Volatility: If executed successfully, over the medium term, such strategies tend to exhibit a lower risk profile than a long-only or short-only strategy. While that may be true for long/short strategies in general, any specific investment allocation may prove to be riskier than a long-only investment, as it is possible to lose money on both the long and the short positions.

Positive or Negative Carry? That depends. As long/short strategies, they tend to borrow (go short) in something to buy (go long) something else. Depending on the strategy, they might have a positive or negative carry; that means the carrying cost of an absolute return strategy might be low (although this is not necessarily the case).

Track records? One reason many investors have moved on from absolute return strategies is because they had a lackluster track record during the roaring bull market. In the context of this discussion, this should neither come as a terrible surprise, nor be a reason not to consider them going forward. During the bull market, higher risk assets tended to outperform, whereas anything that was lower volatility by design quite possibly under-performed. Further, when equities go up, up and up, the risk/return tradeoff for alternative investments appears less appealing to some. To us, we see what we believe are compressed risk premia in equities as a reason to favor alternatives.

A challenging sandbox. A common criticism of absolute return strategies is that they play in a difficult sandbox. There is no ‘beta', i.e. there often is no benchmark. So comparisons are difficult. An equity investor leans back and feels smart when the markets go up. An absolute return investor has to ‘generate alpha', i.e. have an ability to make money independent of market direction..

Nobody said it's easy. The criticism is fair, but the reason why some - including yours truly - pursue absolute return strategies is because we see a world where asset prices are expensive and where traditional ‘carry' strategies might go into reverse. An absolute return strategy might offer investors the opportunity to diversify and help navigate challenging markets. Notably, it may be worthwhile to consider an alternative strategy that deals in markets that are liquid, such as the currency space. In the UK, some real estate funds have suspended redemptions - that's not the type of alternative we are thinking of. Investors that believe stocks always go up, should not bother. However, others might want to have a look.

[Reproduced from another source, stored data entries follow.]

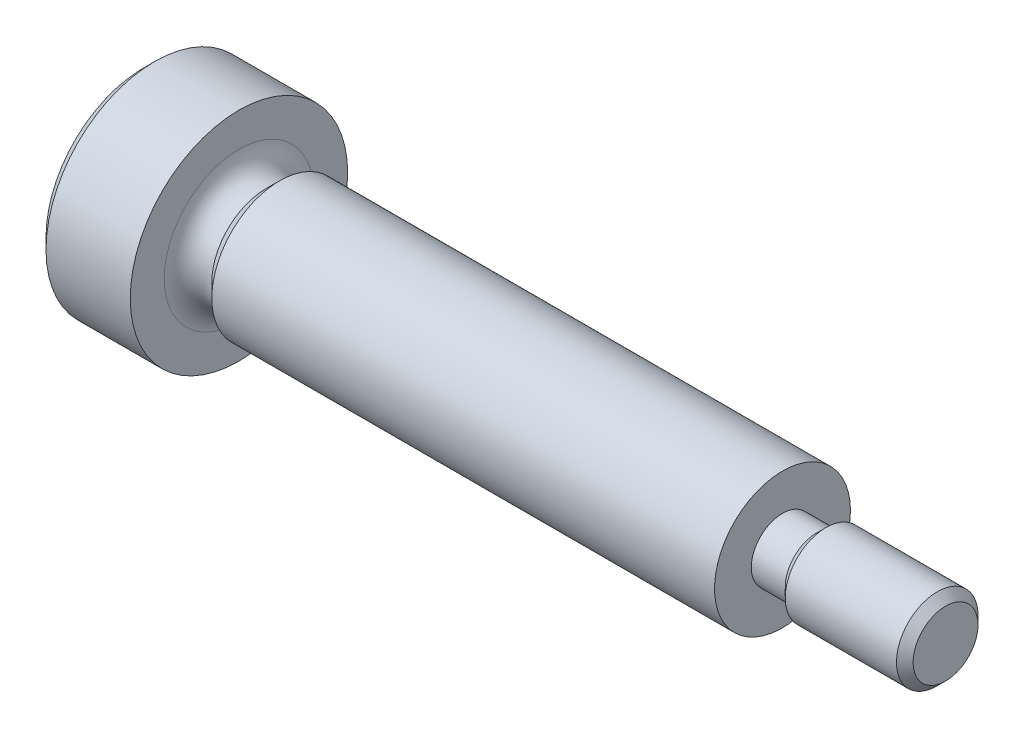
ISO-10303-21;
HEADER;
FILE_DESCRIPTION(('STEP AP214'),'2;1');
FILE_NAME('part.step','',(''),(''),'','','');
FILE_SCHEMA(('AUTOMOTIVE_DESIGN { 1 0 10303 214 1 1 1 1 }'));
ENDSEC;
DATA;
#1=APPLICATION_CONTEXT('core data for automotive mechanical design processes');
#2=APPLICATION_PROTOCOL_DEFINITION('international standard','automotive_design',2000,#1);
#3=PRODUCT_CONTEXT('',#1,'mechanical');
#4=PRODUCT('Part','Part','',(#3));
#5=PRODUCT_RELATED_PRODUCT_CATEGORY('part','',(#4));
#6=PRODUCT_DEFINITION_FORMATION('','',#4);
#7=PRODUCT_DEFINITION_CONTEXT('part definition',#1,'design');
#8=PRODUCT_DEFINITION('design','',#6,#7);
#9=PRODUCT_DEFINITION_SHAPE('','',#8);
#10=(LENGTH_UNIT() NAMED_UNIT(*) SI_UNIT(.MILLI.,.METRE.));
#11=(NAMED_UNIT(*) PLANE_ANGLE_UNIT() SI_UNIT($,.RADIAN.));
#12=(NAMED_UNIT(*) SI_UNIT($,.STERADIAN.) SOLID_ANGLE_UNIT());
#13=UNCERTAINTY_MEASURE_WITH_UNIT(LENGTH_MEASURE(1.E-05),#10,'distance_accuracy_value','');
#14=(GEOMETRIC_REPRESENTATION_CONTEXT(3) GLOBAL_UNCERTAINTY_ASSIGNED_CONTEXT((#13)) GLOBAL_UNIT_ASSIGNED_CONTEXT((#10,
#11,#12)) REPRESENTATION_CONTEXT('',''));
#15=CARTESIAN_POINT('',(0.,0.,0.));
#16=DIRECTION('',(0.,0.,1.));
#17=DIRECTION('',(1.,0.,0.));
#18=AXIS2_PLACEMENT_3D('',#15,#16,#17);
#19=CARTESIAN_POINT('',(-1.9,0.,0.));
#20=DIRECTION('',(-1.,0.,0.));
#21=DIRECTION('',(0.,0.,1.));
#22=AXIS2_PLACEMENT_3D('',#19,#20,#21);
#23=PLANE('',#22);
#24=DIRECTION('',(0.,-1.,0.));
#25=VECTOR('',#24,1.);
#26=CARTESIAN_POINT('',(-1.9,0.721687836487032,-1.25));
#27=LINE('',#26,#25);
#28=CARTESIAN_POINT('',(-1.9,0.721687836487032,-1.25));
#29=VERTEX_POINT('',#28);
#30=CARTESIAN_POINT('',(-1.90000000000107,0.,-1.25));
#31=VERTEX_POINT('',#30);
#32=EDGE_CURVE('E315',#29,#31,#27,.T.);
#33=ORIENTED_EDGE('',*,*,#32,.T.);
#34=CARTESIAN_POINT('',(-1.90000000000107,0.,0.));
#35=DIRECTION('',(1.,0.,0.));
#36=DIRECTION('',(0.,0.,-1.));
#37=AXIS2_PLACEMENT_3D('',#34,#35,#36);
#38=CIRCLE('',#37,1.24999999999942);
#39=CARTESIAN_POINT('',(-1.90000000000107,1.08253175473005,-0.624999999999707));
#40=VERTEX_POINT('',#39);
#41=EDGE_CURVE('E47',#31,#40,#38,.T.);
#42=ORIENTED_EDGE('',*,*,#41,.T.);
#43=DIRECTION('',(0.,-0.499999999999998,-0.86602540378444));
#44=VECTOR('',#43,1.);
#45=CARTESIAN_POINT('',(-1.9,1.44337567297406,0.));
#46=LINE('',#45,#44);
#47=EDGE_CURVE('E319',#40,#29,#46,.T.);
#48=ORIENTED_EDGE('',*,*,#47,.T.);
#49=EDGE_LOOP('',(#33,#42,#48));
#50=FACE_BOUND('',#49,.T.);
#51=ADVANCED_FACE('F32',(#50),#23,.T.);
#52=CARTESIAN_POINT('',(-1.9,1.44337567297406,0.));
#53=VERTEX_POINT('',#52);
#54=EDGE_CURVE('E318',#53,#40,#46,.T.);
#55=ORIENTED_EDGE('',*,*,#54,.T.);
#56=CARTESIAN_POINT('',(-1.90000000000107,1.08253175473005,0.624999999999707));
#57=VERTEX_POINT('',#56);
#58=EDGE_CURVE('E218',#40,#57,#38,.T.);
#59=ORIENTED_EDGE('',*,*,#58,.T.);
#60=DIRECTION('',(0.,0.499999999999999,-0.866025403784439));
#61=VECTOR('',#60,1.);
#62=CARTESIAN_POINT('',(-1.9,0.721687836487031,1.25));
#63=LINE('',#62,#61);
#64=EDGE_CURVE('E248',#57,#53,#63,.T.);
#65=ORIENTED_EDGE('',*,*,#64,.T.);
#66=EDGE_LOOP('',(#55,#59,#65));
#67=FACE_BOUND('',#66,.T.);
#68=ADVANCED_FACE('F119',(#67),#23,.T.);
#69=CARTESIAN_POINT('',(-1.9,0.721687836487031,1.25));
#70=VERTEX_POINT('',#69);
#71=EDGE_CURVE('E320',#70,#57,#63,.T.);
#72=ORIENTED_EDGE('',*,*,#71,.T.);
#73=CARTESIAN_POINT('',(-1.90000000000107,0.,1.24999999999942));
#74=VERTEX_POINT('',#73);
#75=EDGE_CURVE('E221',#57,#74,#38,.T.);
#76=ORIENTED_EDGE('',*,*,#75,.T.);
#77=DIRECTION('',(0.,1.,0.));
#78=VECTOR('',#77,1.);
#79=CARTESIAN_POINT('',(-1.9,-0.721687836487032,1.25));
#80=LINE('',#79,#78);
#81=EDGE_CURVE('E297',#74,#70,#80,.T.);
#82=ORIENTED_EDGE('',*,*,#81,.T.);
#83=EDGE_LOOP('',(#72,#76,#82));
#84=FACE_BOUND('',#83,.T.);
#85=ADVANCED_FACE('F124',(#84),#23,.T.);
#86=CARTESIAN_POINT('',(-1.9,-0.721687836487032,1.25));
#87=VERTEX_POINT('',#86);
#88=EDGE_CURVE('E234',#87,#74,#80,.T.);
#89=ORIENTED_EDGE('',*,*,#88,.T.);
#90=CARTESIAN_POINT('',(-1.90000000000107,-1.08253175473005,0.624999999999708));
#91=VERTEX_POINT('',#90);
#92=EDGE_CURVE('E225',#74,#91,#38,.T.);
#93=ORIENTED_EDGE('',*,*,#92,.T.);
#94=DIRECTION('',(0.,0.499999999999999,0.866025403784439));
#95=VECTOR('',#94,1.);
#96=CARTESIAN_POINT('',(-1.9,-1.44337567297406,0.));
#97=LINE('',#96,#95);
#98=EDGE_CURVE('E307',#91,#87,#97,.T.);
#99=ORIENTED_EDGE('',*,*,#98,.T.);
#100=EDGE_LOOP('',(#89,#93,#99));
#101=FACE_BOUND('',#100,.T.);
#102=ADVANCED_FACE('F199',(#101),#23,.T.);
#103=CARTESIAN_POINT('',(-1.9,-1.44337567297406,0.));
#104=VERTEX_POINT('',#103);
#105=EDGE_CURVE('E301',#104,#91,#97,.T.);
#106=ORIENTED_EDGE('',*,*,#105,.T.);
#107=CARTESIAN_POINT('',(-1.90000000000107,-1.08253175473005,-0.624999999999708));
#108=VERTEX_POINT('',#107);
#109=EDGE_CURVE('E211',#91,#108,#38,.T.);
#110=ORIENTED_EDGE('',*,*,#109,.T.);
#111=DIRECTION('',(0.,-0.499999999999999,0.866025403784439));
#112=VECTOR('',#111,1.);
#113=CARTESIAN_POINT('',(-1.9,-0.721687836487031,-1.25));
#114=LINE('',#113,#112);
#115=EDGE_CURVE('E314',#108,#104,#114,.T.);
#116=ORIENTED_EDGE('',*,*,#115,.T.);
#117=EDGE_LOOP('',(#106,#110,#116));
#118=FACE_BOUND('',#117,.T.);
#119=ADVANCED_FACE('F117',(#118),#23,.T.);
#120=CARTESIAN_POINT('',(0.815694337324253,0.,0.));
#121=DIRECTION('',(-1.,0.,0.));
#122=DIRECTION('',(0.,0.,1.));
#123=AXIS2_PLACEMENT_3D('',#120,#121,#122);
#124=TOROIDAL_SURFACE('',#123,2.79617085728958,0.817000000020676);
#125=CARTESIAN_POINT('',(0.998999999978878,0.,0.));
#126=DIRECTION('',(1.,0.,0.));
#127=DIRECTION('',(0.,0.,-1.));
#128=AXIS2_PLACEMENT_3D('',#125,#126,#127);
#129=CIRCLE('',#128,1.99999999995271);
#130=CARTESIAN_POINT('',(0.998999999978878,0.,-1.99999999995271));
#131=VERTEX_POINT('',#130);
#132=EDGE_CURVE('E204',#131,#131,#129,.T.);
#133=ORIENTED_EDGE('',*,*,#132,.F.);
#134=EDGE_LOOP('',(#133));
#135=FACE_BOUND('',#134,.T.);
#136=CARTESIAN_POINT('',(-1.6004125108493E-11,0.,0.));
#137=DIRECTION('',(-1.,0.,0.));
#138=DIRECTION('',(0.,0.,1.));
#139=AXIS2_PLACEMENT_3D('',#136,#137,#138);
#140=CIRCLE('',#139,2.74999999997868);
#141=CARTESIAN_POINT('',(-1.6004125108493E-11,0.,2.74999999997868));
#142=VERTEX_POINT('',#141);
#143=EDGE_CURVE('E207',#142,#142,#140,.T.);
#144=ORIENTED_EDGE('',*,*,#143,.F.);
#145=EDGE_LOOP('',(#144));
#146=FACE_BOUND('',#145,.T.);
#147=ADVANCED_FACE('F192',(#135,#146),#124,.F.);
#148=CARTESIAN_POINT('',(-1.60040485680681E-11,3.99999999997868,0.));
#149=DIRECTION('',(1.,0.,0.));
#150=DIRECTION('',(0.,0.,-1.));
#151=AXIS2_PLACEMENT_3D('',#148,#149,#150);
#152=PLANE('',#151);
#153=ORIENTED_EDGE('',*,*,#143,.T.);
#154=EDGE_LOOP('',(#153));
#155=FACE_BOUND('',#154,.T.);
#156=CARTESIAN_POINT('',(-1.60039082680585E-11,0.,0.));
#157=DIRECTION('',(-1.,0.,0.));
#158=DIRECTION('',(0.,0.,1.));
#159=AXIS2_PLACEMENT_3D('',#156,#157,#158);
#160=CIRCLE('',#159,3.99999999997868);
#161=CARTESIAN_POINT('',(-1.60039082680585E-11,0.,3.99999999997868));
#162=VERTEX_POINT('',#161);
#163=EDGE_CURVE('E209',#162,#162,#160,.T.);
#164=ORIENTED_EDGE('',*,*,#163,.F.);
#165=EDGE_LOOP('',(#164));
#166=FACE_BOUND('',#165,.T.);
#167=ADVANCED_FACE('F189',(#155,#166),#152,.T.);
#168=CARTESIAN_POINT('',(0.998999999978878,0.,0.));
#169=DIRECTION('',(-1.,0.,0.));
#170=DIRECTION('',(0.,0.,1.));
#171=AXIS2_PLACEMENT_3D('',#168,#169,#170);
#172=CYLINDRICAL_SURFACE('',#171,3.99999999997868);
#173=CARTESIAN_POINT('',(-3.09999999995902,0.,0.));
#174=DIRECTION('',(-1.,0.,0.));
#175=DIRECTION('',(0.,0.,1.));
#176=AXIS2_PLACEMENT_3D('',#173,#174,#175);
#177=CIRCLE('',#176,3.99999999997868);
#178=CARTESIAN_POINT('',(-3.09999999995902,0.,3.99999999997868));
#179=VERTEX_POINT('',#178);
#180=EDGE_CURVE('E11',#179,#179,#177,.F.);
#181=ORIENTED_EDGE('',*,*,#180,.T.);
#182=EDGE_LOOP('',(#181));
#183=FACE_BOUND('',#182,.T.);
#184=ORIENTED_EDGE('',*,*,#163,.T.);
#185=EDGE_LOOP('',(#184));
#186=FACE_BOUND('',#185,.T.);
#187=ADVANCED_FACE('F185',(#183,#186),#172,.T.);
#188=CARTESIAN_POINT('',(-3.5,0.,0.));
#189=DIRECTION('',(-1.,0.,0.));
#190=DIRECTION('',(0.,0.,1.));
#191=AXIS2_PLACEMENT_3D('',#188,#189,#190);
#192=PLANE('',#191);
#193=CARTESIAN_POINT('',(-3.5,0.,0.));
#194=DIRECTION('',(-1.,0.,0.));
#195=DIRECTION('',(0.,0.,1.));
#196=AXIS2_PLACEMENT_3D('',#193,#194,#195);
#197=CIRCLE('',#196,3.59999999993771);
#198=CARTESIAN_POINT('',(-3.5,0.,3.59999999993771));
#199=VERTEX_POINT('',#198);
#200=EDGE_CURVE('E40',#199,#199,#197,.T.);
#201=ORIENTED_EDGE('',*,*,#200,.T.);
#202=EDGE_LOOP('',(#201));
#203=FACE_BOUND('',#202,.T.);
#204=DIRECTION('',(0.,0.499999999999999,-0.866025403784439));
#205=VECTOR('',#204,1.);
#206=CARTESIAN_POINT('',(-3.5,0.721687836487031,1.25));
#207=LINE('',#206,#205);
#208=CARTESIAN_POINT('',(-3.5,0.721687836487031,1.25));
#209=VERTEX_POINT('',#208);
#210=CARTESIAN_POINT('',(-3.5,1.44337567297406,0.));
#211=VERTEX_POINT('',#210);
#212=EDGE_CURVE('E55',#209,#211,#207,.T.);
#213=ORIENTED_EDGE('',*,*,#212,.F.);
#214=DIRECTION('',(0.,1.,0.));
#215=VECTOR('',#214,1.);
#216=CARTESIAN_POINT('',(-3.5,-0.721687836487032,1.25));
#217=LINE('',#216,#215);
#218=CARTESIAN_POINT('',(-3.5,-0.721687836487032,1.25));
#219=VERTEX_POINT('',#218);
#220=EDGE_CURVE('E245',#219,#209,#217,.T.);
#221=ORIENTED_EDGE('',*,*,#220,.F.);
#222=DIRECTION('',(0.,0.499999999999999,0.866025403784439));
#223=VECTOR('',#222,1.);
#224=CARTESIAN_POINT('',(-3.5,-1.44337567297406,0.));
#225=LINE('',#224,#223);
#226=CARTESIAN_POINT('',(-3.5,-1.44337567297406,0.));
#227=VERTEX_POINT('',#226);
#228=EDGE_CURVE('E242',#227,#219,#225,.T.);
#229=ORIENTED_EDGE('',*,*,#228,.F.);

It's about investment process and risk management. So how does one choose an absolute return strategy if the track record has been lackluster? In our opinion, it's about investment process and risk management. With regard to investment process, it's about understanding how the portfolio manager seeks to generate absolute return. With regard to risk management, the proof may be in the pudding when it comes to rough patches in the market.

Case study: Merk Absolute Return Currency Fund. Blatantly self-serving, let me discuss this in the context of our own absolute return strategy. I'll conveniently skip over any rough patches the Fund has had in the past (feel free to contact us to discuss these in more detail), but would like to explain why we have dedicated large resources to make this product into the one it is today. The motivation is obvious: we are negative on both stocks and bonds, but want to do something about it rather than merely complain. While we may not have the solution to all the ills in the world, we believe absolute return strategies may have the potential to help investors navigate what's ahead.

When it comes to investment process, the Fund may utilize statistical currency analysis to manage overall portfolio risk. We have turned risk analysis into what may be considered its own volatility strategy. That is, the Fund may take different risk environments and risk dispersion amongst currencies into account. When markets show signs of stress, we have the ability to emphasize risk sentiment analysis; in contrast, when markets are quiet, we have the ability to emphasize other strategies that may be more suited for calmer environments. We call this regime management. In the context of our discussion that we may be in an environment where negative carry wins the day, it may be noteworthy that this Fund might benefit from a focus on risk as a strategy.

That's not the same as risk management, which is a separate layer. While the vote for the UK to leave the European Union ("Brexit") may be just a brief data point, let me just state from the Fund's attribution analysis: "The period around the U.K. referendum generated another spike in volatility in global markets, which MABFX managed to profit from due to its regime framework analysis and focused risk management." In our outlook, we write:

We continue to see more evidence that global markets have entered a new risk regime of increased asset volatility and financial instability. In past outlooks, we have warned that investors are vulnerable to these trends, and continue to believe that our blend of fundamental and quantitative systematic investing, using a non-directional approach, is the appropriate strategy to extract uncorrelated alpha in this environment.